Mixed news out of Michigan decision on health care challenge

October 07, 2010 | By PACIFIC LEGAL FOUNDATION

Author: Luke A. Wake

Today Judge George Steeh, a Clinton appointee, handed down a rulingin a Michigan challenge to the PPACA's mandate that individuals must purchase health insurance. Like PLF, the Thomas More Law Center is challenging the individual mandate on the ground that Congress exceeded the scope of its commerce power under the Constitution by requiring individuals to purchase health insurance against their will. In defending that mandate, the government has raised three procedural defenses: (1) individual plaintiffs lack standing because the mandate is not effective until 2014, (2) challenges to the individual mandate are not ripe until 2014, and (3) the Anti-Injunction Act bars any claim that the mandate is an unconstitutional tax. On the merits, the government has argued that the choice not to purchase health insurance is an action that may be regulated under the Commerce Clause, and that the mandate may-in the alternative-be justified under Congress' taxing power.

The good news is that the Court has rejected the government's procedural defenses. This bodes well for our client, Matt Sissel, and similarly situated litagants across the country. Moreover, on the merits, the court endorsed PLF's argument that the individual mandate amounts to a penalty, not a tax, which means that it cannot be justified under Congress' taxing power.
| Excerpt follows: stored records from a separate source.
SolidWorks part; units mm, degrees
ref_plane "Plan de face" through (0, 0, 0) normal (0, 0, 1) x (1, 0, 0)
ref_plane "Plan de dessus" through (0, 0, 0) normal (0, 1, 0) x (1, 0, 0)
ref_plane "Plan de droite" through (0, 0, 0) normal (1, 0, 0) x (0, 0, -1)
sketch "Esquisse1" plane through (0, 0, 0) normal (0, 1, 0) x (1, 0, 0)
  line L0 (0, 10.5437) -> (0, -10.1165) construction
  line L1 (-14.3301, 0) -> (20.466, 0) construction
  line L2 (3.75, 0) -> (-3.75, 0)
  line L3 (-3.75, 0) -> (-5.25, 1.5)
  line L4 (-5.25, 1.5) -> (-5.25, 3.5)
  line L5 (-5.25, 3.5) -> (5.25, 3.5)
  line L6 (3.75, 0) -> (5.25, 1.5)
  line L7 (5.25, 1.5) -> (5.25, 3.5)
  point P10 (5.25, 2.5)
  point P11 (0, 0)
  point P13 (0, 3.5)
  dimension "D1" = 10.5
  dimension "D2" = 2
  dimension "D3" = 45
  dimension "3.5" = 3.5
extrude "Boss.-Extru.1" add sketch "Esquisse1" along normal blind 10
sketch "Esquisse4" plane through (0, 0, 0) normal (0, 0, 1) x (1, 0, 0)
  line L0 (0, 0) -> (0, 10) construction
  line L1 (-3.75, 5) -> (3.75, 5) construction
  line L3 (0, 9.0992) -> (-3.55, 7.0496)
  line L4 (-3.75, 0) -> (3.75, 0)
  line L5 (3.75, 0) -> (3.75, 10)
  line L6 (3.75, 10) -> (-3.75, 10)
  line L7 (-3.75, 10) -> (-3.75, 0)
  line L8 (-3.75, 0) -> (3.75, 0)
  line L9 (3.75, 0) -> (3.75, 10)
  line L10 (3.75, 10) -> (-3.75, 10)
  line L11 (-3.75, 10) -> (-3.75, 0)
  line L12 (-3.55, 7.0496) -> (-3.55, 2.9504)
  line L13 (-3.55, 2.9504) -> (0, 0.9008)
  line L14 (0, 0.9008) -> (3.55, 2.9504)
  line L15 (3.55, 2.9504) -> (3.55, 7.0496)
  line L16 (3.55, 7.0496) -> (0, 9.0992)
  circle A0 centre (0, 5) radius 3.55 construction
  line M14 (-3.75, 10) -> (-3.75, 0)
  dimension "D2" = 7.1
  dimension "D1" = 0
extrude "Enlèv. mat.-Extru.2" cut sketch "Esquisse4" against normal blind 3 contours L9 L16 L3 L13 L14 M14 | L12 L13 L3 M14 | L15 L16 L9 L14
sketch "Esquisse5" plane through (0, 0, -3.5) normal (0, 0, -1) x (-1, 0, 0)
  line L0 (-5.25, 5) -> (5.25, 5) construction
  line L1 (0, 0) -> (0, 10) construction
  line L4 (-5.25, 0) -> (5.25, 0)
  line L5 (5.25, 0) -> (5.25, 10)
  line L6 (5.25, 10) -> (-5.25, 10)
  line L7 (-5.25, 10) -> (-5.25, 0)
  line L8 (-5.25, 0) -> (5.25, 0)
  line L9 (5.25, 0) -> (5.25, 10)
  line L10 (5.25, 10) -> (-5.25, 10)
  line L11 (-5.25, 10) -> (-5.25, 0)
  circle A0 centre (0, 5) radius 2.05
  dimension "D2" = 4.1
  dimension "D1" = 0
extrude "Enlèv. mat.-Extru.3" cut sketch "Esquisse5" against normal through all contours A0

Unfortunately, the Court endorsed the governments argument on the merits of the Commerce Clause issue, holding that the commerce power entails the power to force individuals to buy health insurance because they are already participants in the health care market. The opinion states that:

"The health care market is unlike other markets. No one can guarantee his or her health or ensure that he or she will never participate in the health care market. Indeed, the opposite is nearly always true. The question is how participants in the health care market pay for medical expenses – through insurance, or an attempt to pay out of pocket with a backstop of uncompensated care funded by third parties."

"This phenomenon of cost-shifting is what makes the health care market unique. Far from "inactivity," by choosing to forgo insurance plaintiffs are making an economic decision to try to pay for health care services later, out of pocket, rather than now through the purchase of insurance, collectively shifting billions of dollars, $43 billion in 2008, onto other market participants…"

"The plaintiffs have not opted out of the health care services market because, as living beings, who do not oppose medical services on religious grounds, they cannot opt out of this market. As inseparable and integral members of the health care services market, plaintiffs have made a choice regarding the method of payment for the services they expect to receive. The government makes the apropos analogy of paying by credit card rather than by check. How participants in the health care services market pay for such services has a documented impact on interstate commerce. Obviously, this market reality forms the rational basis for Congressional action designed to reduce the number of uninsureds."

This reasoning is flawed. The choice not to purchase health insurance is not an activity. While it is true that most of us will-at some point-need medical care, we are not active participants in the market for medical care until we purchase health insurance or actively seek medical attention.

The opinion suggests that the decision not to purchase health insurance is a decision about how to pay for health care, but that is not so. It is simply a decision against one possible way of financing health care, which one may or may not ever need.The opinion suggests that this somehow ammounts to a decision to shift costs to third parties, but that is not so either. Cost shifting cannot occur unless an individual engages in an activity effecting a cost shift, and no one disputes that Congress could regulate such activities.

Surely Congress could regulate how we may go about obtaining medical care, or how we pay for medical care, because Congress has the power to regulate actions affecting interstate commerce under the Commerce Clause. But, Congress does not have the power to compel individuals who have taken no action to become market participants. Put simply, Congress can't regulate our client because he has yet to take an action affecting interstate commerce.

The mandate does not regulate the action of obtaining medical care, or the action of paying for medical care. Instead it seeks to compel individuals into action. This is not a regulation on an activity at all, but a prohibition against inactivity.